The detection of cancer cells has become an increasingly important topic for monitoring the progressions of diseases and diagnosing cancers [58]. Zhu et al. developed a supersandwich assay through signal amplification for the detection of cancer cells, as shown in Fig. 12.11 [59]. Aptamer-DNA concatamer-quantum dots probes were fabricated by the hybridization of aptamer-DNA and quantum dot-modified DNA with the capture DNA. Multiwall carbon nanotubes (MWCNTs), polydopamine (PDA), and gold nanoparticles (AuNPs) were employed to fabricate the electrode material MWCNTs@PDA@AuNPs through a layer-by-layer method. Concanavalin A (Con A) was captured by multiwall carbon nanotubes@polydopamine@gold nanoparticles (MWCNTs@PDA@AuNPs) that were absorbed on the surface of glassy carbon electrode (GCE). After cancer cells (CCRF-CEM cells) were captured by Con A, aptamer-DNA concatamer-quantum dots probes were modified through the specific recognition of the aptamer to cancer cells. CCRF-CEM cells were detected by both fluorescence and electrochemical methods. The signal amplification of the DNA concatamer and quantum dots improved the sensitivity with a detection limit of 50 cells mL−1. In addition, this assay could differentiate cancer cells from normal cells. A supersandwich electrochemical assay based on G-quadruplex DNAzyme and a supersandwich surface plasmon resonance assay using multiple signal amplification strategy were reported for the detection of cancer cells [40, 60]. Furthermore, circulating tumor cells (CTCs), a kind of tumor cells in the peripheral blood, were detected through a supersandwich electrochemical assay using signal amplification strategy with a detection limit of 10 cells mL−1 [61].

Fig. 12.11
figure 11

(Reprinted with the permission from Ref. [59]. Copyright 2013 American Chemical Society)
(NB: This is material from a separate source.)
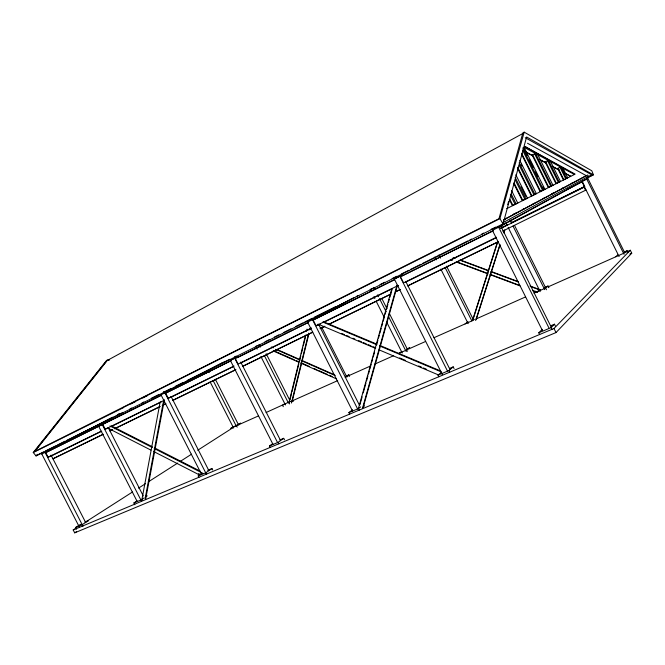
<?xml version="1.0" encoding="UTF-8"?>
<svg xmlns="http://www.w3.org/2000/svg" width="665" height="665" viewBox="0 0 665 665"><rect width="100%" height="100%" fill="white"/><g stroke="black" fill="none" stroke-linecap="round" stroke-linejoin="round"><path stroke-width="1" d="M160.157 401.993L141.795 500.147L142.51 499.673M145.128 498.592L163.64 400.38M145.652 499.132L164.371 399.989M305.551 335.11L288.851 402.99L289.292 402.699M306.532 331.112L307.022 329.117M290.023 399.707L291.503 393.722M291.993 391.727L298.868 363.797M299.358 361.802L300.829 355.817M301.32 353.822L302.799 347.828M303.29 345.833L305.501 336.856M291.411 403.065L308.693 333.14M292.101 401.768L308.884 333.897M309.873 329.906L310.372 327.912M507.744 204.679L508.526 201.703M109.417 360.089L106.6 360.397L33.25 452.516L36.068 455.941L503.064 223.872L526.597 136.973L593.463 174.87L586.962 178.12M358.485 408.277L391.81 288.643M359.89 404.852L362.117 396.88M363.223 392.899L365.999 382.94M366.556 380.954L367.945 375.974M368.501 373.979L369.333 370.995M369.89 369L371.269 364.021M371.826 362.026L372.658 359.042M373.215 357.047L374.603 352.068M376.548 345.102L377.936 340.123M378.493 338.128L379.324 335.143M379.881 333.148L381.269 328.169M381.818 326.183L382.649 323.19M383.206 321.203L384.594 316.216M385.151 314.229L385.983 311.237M386.54 309.25L387.928 304.271M388.485 302.276L389.316 299.292M389.873 297.297L392.092 289.333M593.463 174.87L591.784 170.772L524.203 132.16L499.897 218.652L503.064 223.872M362.608 407.886L397.013 285.16M363.173 407.446L397.288 285.85M472.507 320.397L497.462 241.935M472.848 320.131L497.711 241.952M475.65 320.53L499.781 244.961M503.862 232.201L504.486 230.24M476.29 319.3L500.097 244.77M503.862 233.008L504.801 230.065M532.623 154.696L532.249 155.228L548.317 187.522L552.939 185.186L537.786 154.671L535.549 153.474L532.623 154.696L548.816 187.272M560.437 181.404L555.957 183.665L545.209 162.077L545.591 161.57L548.45 160.381L550.57 161.52L560.437 181.404L559.938 181.661M36.068 455.941L37.331 454.328M558.126 168.203L557.744 168.694L563.346 179.941L567.686 177.755L562.914 168.137L560.919 167.065L558.126 168.203L563.829 179.7M35.411 450.762L107.24 360.48L522.673 133.582M107.348 359.981L34.331 451.701L498.958 218.743L522.856 132.9L524.203 132.16M562.532 168.619L562.914 168.137M76.691 527.727L73.2 529.955L74.688 532.84L556.015 332.567L631.75 253.199L630.287 250.248L626.496 251.944M73.2 529.955L553.978 328.493L630.287 250.248M539.689 334.595L538.791 332.791L551.086 327.621L554.477 324.196L555.366 325.991M627.976 252.492L627.103 250.73L625.275 252.575L548.06 286.889M538.791 332.791L542.299 329.333M615.823 256.79L617.727 254.911M438.9 376.822L438.052 375.135L448.883 370.58L453.231 366.872L454.07 368.551M533.978 293.165L545.608 288.07L548.035 286L548.874 287.679M438.052 375.135L441.003 372.641M537.004 291.902L538.874 290.331M349.69 414.195L348.892 412.608L358.51 408.559L360.688 406.889M474.386 319.325L472.931 320.447L433.971 337.72M348.892 412.608L352.558 409.806M465.068 323.955L468.027 321.694M270.264 447.47L269.5 445.966L278.103 442.35L283.714 438.318L284.479 439.814M398.302 353.614L406.423 350.073L409.74 347.695L407.047 348.892M269.5 445.966L272.741 443.655M399.2 353.298L401.718 351.494M198.935 477.354L198.212 475.932L205.951 472.682L211.969 468.559L212.692 469.98M345.202 377.354L348.842 374.861L349.582 376.34M198.212 475.932L201.237 473.871M144.064 497.927L140.905 500.014L133.914 502.956L134.837 504.76M145.652 496.888L147.231 495.849M266.083 412.524L290.281 401.485M133.914 502.956L137.09 500.87M284.928 403.705L282.567 405.259L283.29 406.681M74.688 532.84L76.425 531.717M85.394 522.15L132.435 492.034M138.528 488.135L145.494 483.671M148.985 481.443L177.688 463.064M180.29 461.402L191.578 454.17M197.663 450.28L233.265 427.487M76.541 529.157L75.66 527.436L82.019 524.768L88.561 520.57L84.937 522.1M236.482 425.783L240.614 423.14L230.78 428.327L236.482 425.783L237.181 427.163M75.66 527.436L80.581 524.294M544.377 189.508L544.884 189.251L524.153 147.572L523.671 147.879L527.353 155.278M510.163 220.015L511.526 222.758L584.635 186.499M500.745 225.9L582.474 181.113M542.399 330.513L492.416 230.389L500.82 226.108L551.119 326.914M619.09 256.54L581.808 181.42L587.835 178.361L624.568 252.417M394.254 279.774L313.157 320.048L316.058 325.792L318.02 324.719M502.657 222.858L588.392 176.4L587.685 174.978L503.53 219.949M394.353 279.042L402.483 274.903L394.353 279.042L442.416 374.686M230.697 360.854L165.668 393.156L168.287 398.293L170.564 397.08M504.303 219.226L506.123 218.261M513.388 214.388L516.115 212.933M551.534 194.03L554.261 192.576M561.526 188.702L563.346 187.73M571.518 183.365L573.338 182.401M513.496 214.379L515.325 213.407M522.632 209.508L524.461 208.536M532.682 204.147L534.502 203.174M542.723 198.785L544.552 197.813M551.859 193.906L554.602 192.451M503.496 219.907L586.289 175.676L527.503 143.241M161.47 395.168L102.759 424.337L105.261 429.216L107.622 427.969L150.889 450.097M315.06 318.203L348.992 300.239M350.821 299.267L352.658 298.294M312.076 319.932L354.304 297.554M356.141 296.582L357.978 295.609M45.752 452.591L101.778 424.76L45.752 452.591L48.138 457.246L50.573 455.966M230.348 360.422L237.945 356.556L230.348 360.422L273.091 444.577M160.98 394.894L222.418 362.807M225.177 361.452L164.479 393.165L163.723 391.677M137.223 501.56L98.445 425.866L105.552 422.258L101.986 424.029M41.72 454.07L112.726 417.263L44.588 452.641M509.315 199.458L512.399 205.635L517.719 202.95L511.518 190.473M517.195 203.207L517.719 202.95M515.841 174.812L527.403 198.062L522.283 200.647L513.804 183.648M526.888 198.328L527.403 198.062M519.806 160.34L536.323 193.565L531.377 196.067L517.528 168.278M535.807 193.823L536.323 193.565M544.884 189.251L540.105 191.661L521.626 154.521M552.44 185.444L552.939 185.186M567.195 178.004L567.686 177.755M506.705 208.652L575.134 174.114L524.76 146.408L574.277 174.413L524.377 147.497M122.717 407.761L499.897 218.652M33.25 452.516L123.349 407.695M130.731 403.996L135.344 401.685M142.734 397.986L147.347 395.683M588.392 176.4L586.987 177.098L587.677 178.478L498.127 227.621L497.503 226.366M586.921 177.289L592.473 174.513M586.779 177.929L592.324 175.161L525.242 137.705M566.671 189.567L582.415 181.72L584.784 186.491L511.526 222.758M37.149 455.109L43.649 451.876M45.503 450.953L55.719 445.866M57.581 444.943L65.012 441.244M66.866 440.321L122.601 412.583M130.008 408.892L131.853 407.978M142.011 402.932L143.856 402.009M151.246 398.335L158.627 394.661M163.241 392.367L170.631 388.701M175.244 386.398L182.634 382.732M187.247 380.43L229.716 359.316M234.354 357.014L236.216 356.091M257.571 345.468L255.709 346.39L257.139 349.133M264.994 341.777L269.641 339.466M274.279 337.155L278.926 334.852M283.573 332.542L290.996 328.843M295.642 326.54L303.065 322.841M304.927 321.918L312.351 318.227M314.213 317.305L335.567 306.681M370.796 289.175L372.641 288.253M380.048 284.578L384.669 282.276M392.076 278.602L396.697 276.308M401.328 274.005L408.734 270.331M410.579 269.408L420.762 264.354M422.608 263.431L467.952 240.905M469.798 239.982L471.651 239.068M481.826 234.005L483.679 233.091M491.078 229.408L495.708 227.114M165.967 392.275L168.336 391.103M98.445 425.866L102.019 424.095L141.379 500.936M237.505 357.479L308.685 322.193M402.234 275.817L492.906 230.863M102.759 424.337L161.03 395.451M165.668 393.156L231.304 360.613M308.543 322.334L235.352 358.61L238.103 364.038L311.436 328.061M313.157 320.048L394.362 279.79M493.314 230.747L400.488 276.756L403.555 282.858L496.547 237.23M500.92 227.945L502.773 227.031M500.853 228.037L507.353 224.82M500.77 228.444L584.568 186.981L584.07 187.272L585.574 190.29L586.064 189.999L502.732 231.096M48.138 457.246L100.972 431.327M105.261 429.216L164.563 400.122M168.287 398.293L234.055 366.024M316.058 325.792L398.343 285.418M51.421 455.899L101.787 431.194M111.113 426.622L160.997 402.092M170.805 397.346L233.648 366.465M240.763 363.04L311.644 328.277M318.178 325.077L320.04 324.154M323.772 322.326L391.984 288.801M396.523 286.648L398.385 285.734M405.85 282.076L496.323 237.704M102.95 434.378L52.926 458.825L103.349 434.253M110.407 430.737L112.269 429.831M116.001 428.011L158.893 407.113M163.557 404.835L165.427 403.929M172.883 400.297L235.36 369.848M242.816 366.207L312.758 332.126M321.145 328.036L324.877 326.216M328.61 324.404L390.156 294.404M395.75 291.677L400.413 289.408M407.869 285.775L498.318 241.694M109.883 431.07L112.693 429.698M114.555 428.792L160.315 406.498M162.177 405.584L165.918 403.763M172.451 400.579L235.95 369.64M242.484 366.448L312.525 332.325M319.99 328.685L324.661 326.407M328.394 324.587L390.962 294.105M395.633 291.827L400.297 289.549M407.77 285.908L498.351 241.769M346 376.124L348.842 374.861M544.618 287.521L548.035 286M624.285 251.985L627.103 250.73M239.716 424.27L258.552 415.883M290.547 401.627L337.679 380.621M347.088 376.432L370.297 366.091M374.944 364.021L393.605 355.709M408.634 349.009L425.542 341.478M476.007 318.992L525.525 296.931M629.855 254.047L631.75 253.199M207.688 470.363L211.969 468.559M279.915 439.922L283.714 438.318M449.648 368.385L453.231 366.872M550.728 325.775L554.477 324.196M522.69 148.062L524.153 147.572M460.263 259.973L488.334 270.439M491.236 271.528L518.343 281.636M529.955 285.967L540.603 289.94M453.139 257.646L455.076 258.369M459.922 260.173L488.019 270.655M490.92 271.736L518.043 281.86M530.637 286.557L540.329 290.173M456.498 261.752L487.42 273.323M490.321 274.404L519.307 285.252M534.768 291.037L537.669 292.126M450.346 259.774L452.283 260.505M456.148 261.952L488.068 273.897M489.997 274.62L519.98 285.842M532.557 290.555L537.387 292.359M323.414 321.71L376.839 344.162M379.698 345.368L440.754 371.028M322.799 322.051L376.274 344.537M380.097 346.149L441.211 371.851M341.536 333.398L344.387 334.603M346.29 335.409L349.15 336.615M352.957 338.219L354.861 339.025M358.668 340.63L361.527 341.835M363.431 342.641L366.282 343.847M368.194 344.645L371.045 345.85M372.949 346.656L375.808 347.862M399.607 357.903L405.318 360.314M418.642 365.941L421.502 367.147M423.406 367.945L426.265 369.15M318.061 324.096L375.243 348.236M379.05 349.848L438.135 374.794M271.37 346.989L273.257 347.82M277.039 349.482L299.716 359.474M301.611 360.305L334.686 374.877M275.634 349.316L299.275 359.74M301.17 360.571L335.21 375.575M273.631 350.663L294.396 359.832M296.282 360.663L299.117 361.918M302.891 363.58L309.499 366.506M314.213 368.585L317.047 369.84M318.934 370.671L327.429 374.42M329.316 375.26L332.143 376.506M273.174 350.912L298.676 362.184M300.563 363.015L336.448 378.875M111.645 426.024L152.169 446.672M154.937 448.085L200.065 471.078M109.974 425.957L152.376 447.57M154.214 448.509L203.074 473.413M198.503 473.63L200.348 474.569M153.648 451.51L199.666 475.034M545.209 162.077L546.63 162.825M526.339 152.393L532.682 155.81M539.93 159.725L546.273 163.141M552.615 166.566L558.957 169.982M565.3 173.407L570.736 176.341L565.308 173.39M525.533 151.761L532.765 155.693M539.997 159.625L546.322 163.066M552.657 166.508L558.982 169.949M51.039 455.101L85.635 522.424M45.037 452.366L82.66 525.566M82.019 524.768L82.901 526.497M41.787 453.979L79.318 526.971M108.378 427.786L143.291 495.974M215.335 379.225L238.76 425.284M208.353 370.521L209.292 372.375M207.896 370.289L208.835 372.134M213.074 380.455L236.117 425.758M204.953 371.743L205.892 373.589M210.115 381.893L233.581 428.019M171.163 396.656L208.901 470.654M205.951 472.682L206.674 474.112M164.945 392.874L206.2 473.754M160.997 394.835L201.661 474.544M292.625 399.939L293.348 401.352M266.191 353.722L289.807 400.322M288.718 402.516L289.441 403.946M259.242 344.761L260.406 347.072M258.918 344.811L259.849 346.648M264.495 355.817L288.211 402.599M260.846 356.457L285.443 404.952M240.755 362.101L280.58 440.546M278.103 442.35L278.876 443.863M234.745 358.236L277.621 442.682M363.58 404.661L364.378 406.24M321.735 327.305L346.914 377.146M318.726 324.578L359.433 405.176M358.51 408.559L359.324 410.164M357.695 409.1L312.508 319.657L307.596 322.093L352.633 411.228M405.741 281.395L449.947 369.408M448.883 370.58L449.74 372.275M399.898 276.299L447.653 371.378M381.81 298.444L386.905 308.585M389.225 313.19L407.77 350.056M406.423 350.073L407.204 351.627M374.162 287.629L375.002 289.3M373.896 287.463L374.827 289.317M377.62 294.869L378.551 296.715M379.482 298.568L386.008 311.528M388.335 316.149L406.024 351.32M370.172 289.317L371.103 291.162M373.888 296.698L374.819 298.552M376.207 301.32L384.104 317.006M386.897 322.55L402.225 353.007M511.219 194.047L516.082 203.773M446.556 266.166L472.915 318.801M439.191 255.302L440.496 257.92M438.85 255.061L440.247 257.845M445.359 268.045L471.842 320.904M434.794 257.081L436.182 259.857M440.82 269.101L468.168 323.672M519.149 162.734L534.876 194.296M517.686 167.272L531.884 195.809M521.036 186.574L525.99 196.516M515.134 177.314L525.865 198.835M515.225 179.924L524.893 199.334M514.062 182.858L522.798 200.389M510.329 194.779L515.067 204.28M509.905 199.325L512.923 205.369M514.511 225.377L545.533 287.596M545.608 288.07L546.455 289.765M510.279 220.564L511.651 223.324M513.031 226.083L544.718 289.624M505.832 222.767L507.212 225.518M508.127 227.355L540.188 291.636M553.978 328.493L556.015 332.567M551.086 327.621L551.992 329.441M498.692 227.272L548.866 327.812M491.942 229.134L492.574 230.381M586.68 178.993L624.061 254.329M562.956 169.467L564.652 172.883M560.919 167.065L566.53 178.336M559.98 167.256L565.691 178.76M548.45 160.381L559.215 182.019M547.486 160.581L558.359 182.459M545.591 161.57L556.447 183.415M535.549 153.474L551.651 185.834M534.552 153.673L550.77 186.283M529.656 159.899L533.338 167.306M535.633 171.927L537.935 176.558M542.997 186.732L543.92 188.577M523.147 148.968L543.521 189.941M522.673 150.332L542.607 190.398M521.643 153.291L540.612 191.404M521.028 164.114L521.95 165.976M519.257 165.286L533.929 194.77M119.185 413.913L117.339 414.869L119.168 413.979"/></g></svg>

Schematic illustration of a supersandwich assay for the detection of cancer cells. The DNA concatamer-QDs are designed via DNA hybridization. MWCNTs@PDA@AuNPs composites are assembled to the electrode for immobilization of concanavalin A (Con A). CCRF-CEM cancer cells are selected with aptamer-DNA concatamer-QDs as probes.

12.6 Conclusion

In this chapter, we have summarized the recent development of several biosensors based on supersandwich assays for the detection of proteins, nucleic acids, small molecules, ions, and cells. It is clear that each strategy has its features and limitations. For instance, supersandwich electrochemical assays can detect the target with good sensitivity, but electrochemical detecting instruments are usually required. A facile and sensitive biosensor based on supersandwich assays without complex operations and professional instrumentation will be popularly achieved as immunochromatographic strip. We are happy to see that biosensors based on supersandwich assays step out of the laboratory to the house in the future.